Ok so my lecturer gave us this powerful lemma for doing contour integrals over a semi-circle. The lemma is:

Let $C_{R}$ be the contour defined as $\{z \in \mathbb{C} \mid z = R e^{i \theta } , \theta \in [0, \pi] \}$.
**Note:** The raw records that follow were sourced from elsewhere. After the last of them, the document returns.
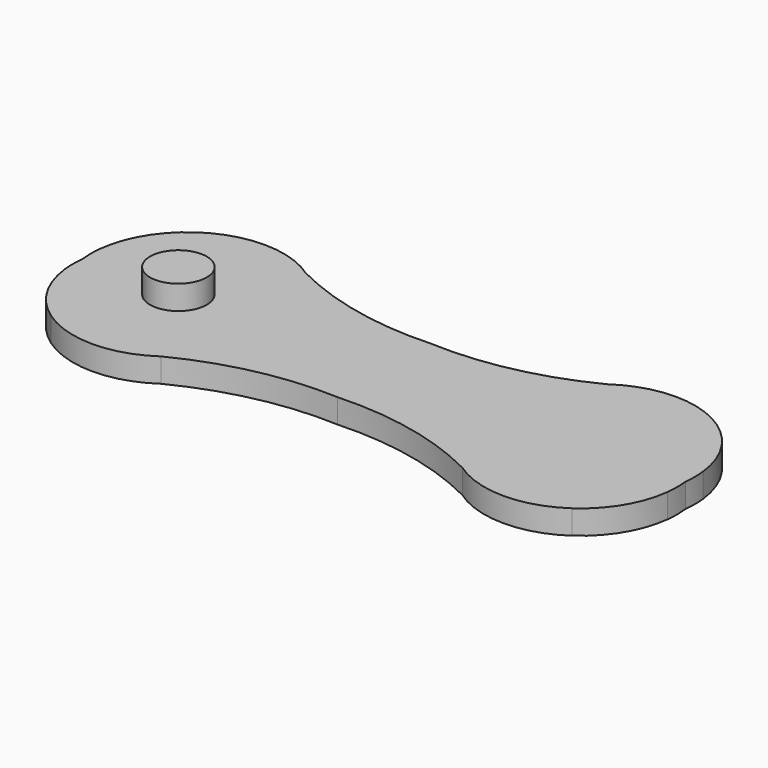
from build123d import *

# Parameters (mm, degrees)
F1_DEPTH = 2
F2_DEPTH = 4


with BuildPart() as f1:
    # F0 (on Top) → F1 (new body)
    with BuildSketch(Plane.XY):
        with BuildLine():
            ThreePointArc((18.0739206718, 6.0497422268), (13.5205869532, 7.4719650911), (8.9672532347, 6.0497422268))
            Line((8.9672532347, 6.0497422268), (18.0739206718, 6.0497422268))
        make_face()
        with BuildLine():
            Line((18.0739206718, 6.0497422268), (8.9672532347, 6.0497422268))
            ThreePointArc((8.9672532347, 6.0497422268), (2.8913578077, 3.8979685049), (-3.5327467653, 3.3711707982))
            Line((-3.5327467653, 3.3711707982), (-3.5327467653, -1.4502577732))
            Line((-3.5327467653, -1.4502577732), (21.4672532347, -1.4502577732))
            Line((21.4672532347, -1.4502577732), (21.4672532347, 0.3941879553))
            ThreePointArc((21.4672532347, 0.3941879553), (20.3805303589, 3.5879311345), (18.0739206718, 6.0497422268))
        make_face()
        with BuildLine():
            Line((-3.5327467653, -1.4502577732), (-3.5327467653, 3.3711707982))
            ThreePointArc((-3.5327467653, 3.3711707982), (-9.9568513384, 3.8979685049), (-16.0327467653, 6.0497422268))
            Line((-16.0327467653, 6.0497422268), (-25.1394142025, 6.0497422268))
            ThreePointArc((-25.1394142025, 6.0497422268), (-27.4460238896, 3.5879311345), (-28.5327467653, 0.3941879553))
            Line((-28.5327467653, 0.3941879553), (-28.5327467653, -1.4502577732))
            Line((-28.5327467653, -1.4502577732), (-22.9360804839, -1.4502577732))
            ThreePointArc((-22.9360804839, -1.4502577732), (-20.5860804839, 0.8997422268), (-18.2360804839, -1.4502577732))
            Line((-18.2360804839, -1.4502577732), (-3.5327467653, -1.4502577732))
        make_face()
        with BuildLine():
            Line((-25.1394142025, 6.0497422268), (-16.0327467653, 6.0497422268))
            ThreePointArc((-16.0327467653, 6.0497422268), (-20.5860804839, 7.4719650911), (-25.1394142025, 6.0497422268))
        make_face()
        with BuildLine():
            ThreePointArc((21.4672532347, -1.4502577732), (21.5205869532, -0.5280349089), (21.4672532347, 0.3941879553))
            Line((21.4672532347, 0.3941879553), (21.4672532347, -1.4502577732))
        make_face()
        with BuildLine():
            Line((21.4672532347, -1.4502577732), (-3.5327467653, -1.4502577732))
            Line((-3.5327467653, -1.4502577732), (-3.5327467653, -6.2716863446))
            ThreePointArc((-3.5327467653, -6.2716863446), (2.8913578077, -6.7984840513), (8.9672532347, -8.9502577732))
            Line((8.9672532347, -8.9502577732), (18.0739206718, -8.9502577732))
            ThreePointArc((18.0739206718, -8.9502577732), (20.3805303589, -6.4884466809), (21.4672532347, -3.2947035017))
            Line((21.4672532347, -3.2947035017), (21.4672532347, -1.4502577732))
        make_face()
        with BuildLine():
            Line((-3.5327467653, -6.2716863446), (-3.5327467653, -1.4502577732))
            Line((-3.5327467653, -1.4502577732), (-18.2360804839, -1.4502577732))
            ThreePointArc((-18.2360804839, -1.4502577732), (-20.5860804839, -3.8002577732), (-22.9360804839, -1.4502577732))
            Line((-22.9360804839, -1.4502577732), (-28.5327467653, -1.4502577732))
            Line((-28.5327467653, -1.4502577732), (-28.5327467653, -3.2947035017))
            ThreePointArc((-28.5327467653, -3.2947035017), (-27.4460238896, -6.4884466809), (-25.1394142025, -8.9502577732))
            Line((-25.1394142025, -8.9502577732), (-16.0327467653, -8.9502577732))
            ThreePointArc((-16.0327467653, -8.9502577732), (-9.9568513384, -6.7984840513), (-3.5327467653, -6.2716863446))
        make_face()
        with BuildLine():
            ThreePointArc((21.4672532347, -3.2947035017), (21.5205869532, -2.3724806375), (21.4672532347, -1.4502577732))
            Line((21.4672532347, -1.4502577732), (21.4672532347, -3.2947035017))
        make_face()
        with BuildLine():
            Line((-28.5327467653, -1.4502577732), (-28.5327467653, 0.3941879553))
            ThreePointArc((-28.5327467653, 0.3941879553), (-28.5860804839, -0.5280349089), (-28.5327467653, -1.4502577732))
        make_face()
        with BuildLine():
            ThreePointArc((-25.1394142025, -8.9502577732), (-20.5860804839, -10.3724806375), (-16.0327467653, -8.9502577732))
            Line((-16.0327467653, -8.9502577732), (-25.1394142025, -8.9502577732))
        make_face()
        with BuildLine():
            Line((18.0739206718, -8.9502577732), (8.9672532347, -8.9502577732))
            ThreePointArc((8.9672532347, -8.9502577732), (13.5205869532, -10.3724806375), (18.0739206718, -8.9502577732))
        make_face()
        with BuildLine():
            Line((-28.5327467653, -3.2947035017), (-28.5327467653, -1.4502577732))
            ThreePointArc((-28.5327467653, -1.4502577732), (-28.5860804839, -2.3724806375), (-28.5327467653, -3.2947035017))
        make_face()
    extrude(amount=F1_DEPTH)

    # F0 (on Top) → F2 (join)
    with BuildSketch(Plane.XY):
        with BuildLine():
            ThreePointArc((-22.9360804839, -1.4502577732), (-20.5860804839, -3.8002577732), (-18.2360804839, -1.4502577732))
            Line((-18.2360804839, -1.4502577732), (-20.5860804839, -1.4502577732))
            Line((-20.5860804839, -1.4502577732), (-22.9360804839, -1.4502577732))
        make_face()
        with BuildLine():
            Line((-20.5860804839, -1.4502577732), (-18.2360804839, -1.4502577732))
            ThreePointArc((-18.2360804839, -1.4502577732), (-20.5860804839, 0.8997422268), (-22.9360804839, -1.4502577732))
            Line((-22.9360804839, -1.4502577732), (-20.5860804839, -1.4502577732))
        make_face()
    extrude(amount=F2_DEPTH)


solid = f1.part

If $|f(z)| \le \frac{k}{ |z| ^2}$ for some $k \in \mathbb{R}$ , $\Im(z) > 0$ and $|z|$ large enough, then:

$$\lim_{R \to 0} \int_{C_{R}} f(z) dz = 0$$

So in a lecture we did this problem:

$$\int_0^{\infty} \dfrac{dx}{ \sqrt{x} (1 + x) }$$

He then defined $\Gamma _{R} = C_R \cup [\epsilon,R] \cup (-C_{\epsilon}) \cup [R,\epsilon]$

Where $C_R = \{z \in \mathbb{C} \mid |z| = R\}$, $C_{\epsilon} = \{z \in \mathbb{C} \mid |z| = \epsilon \}$

He somehow used the lemma to show that:

$$\lim_{R \to 0} \int_{C_{R}} f(z) dz = 0$$

But he can't do that can he?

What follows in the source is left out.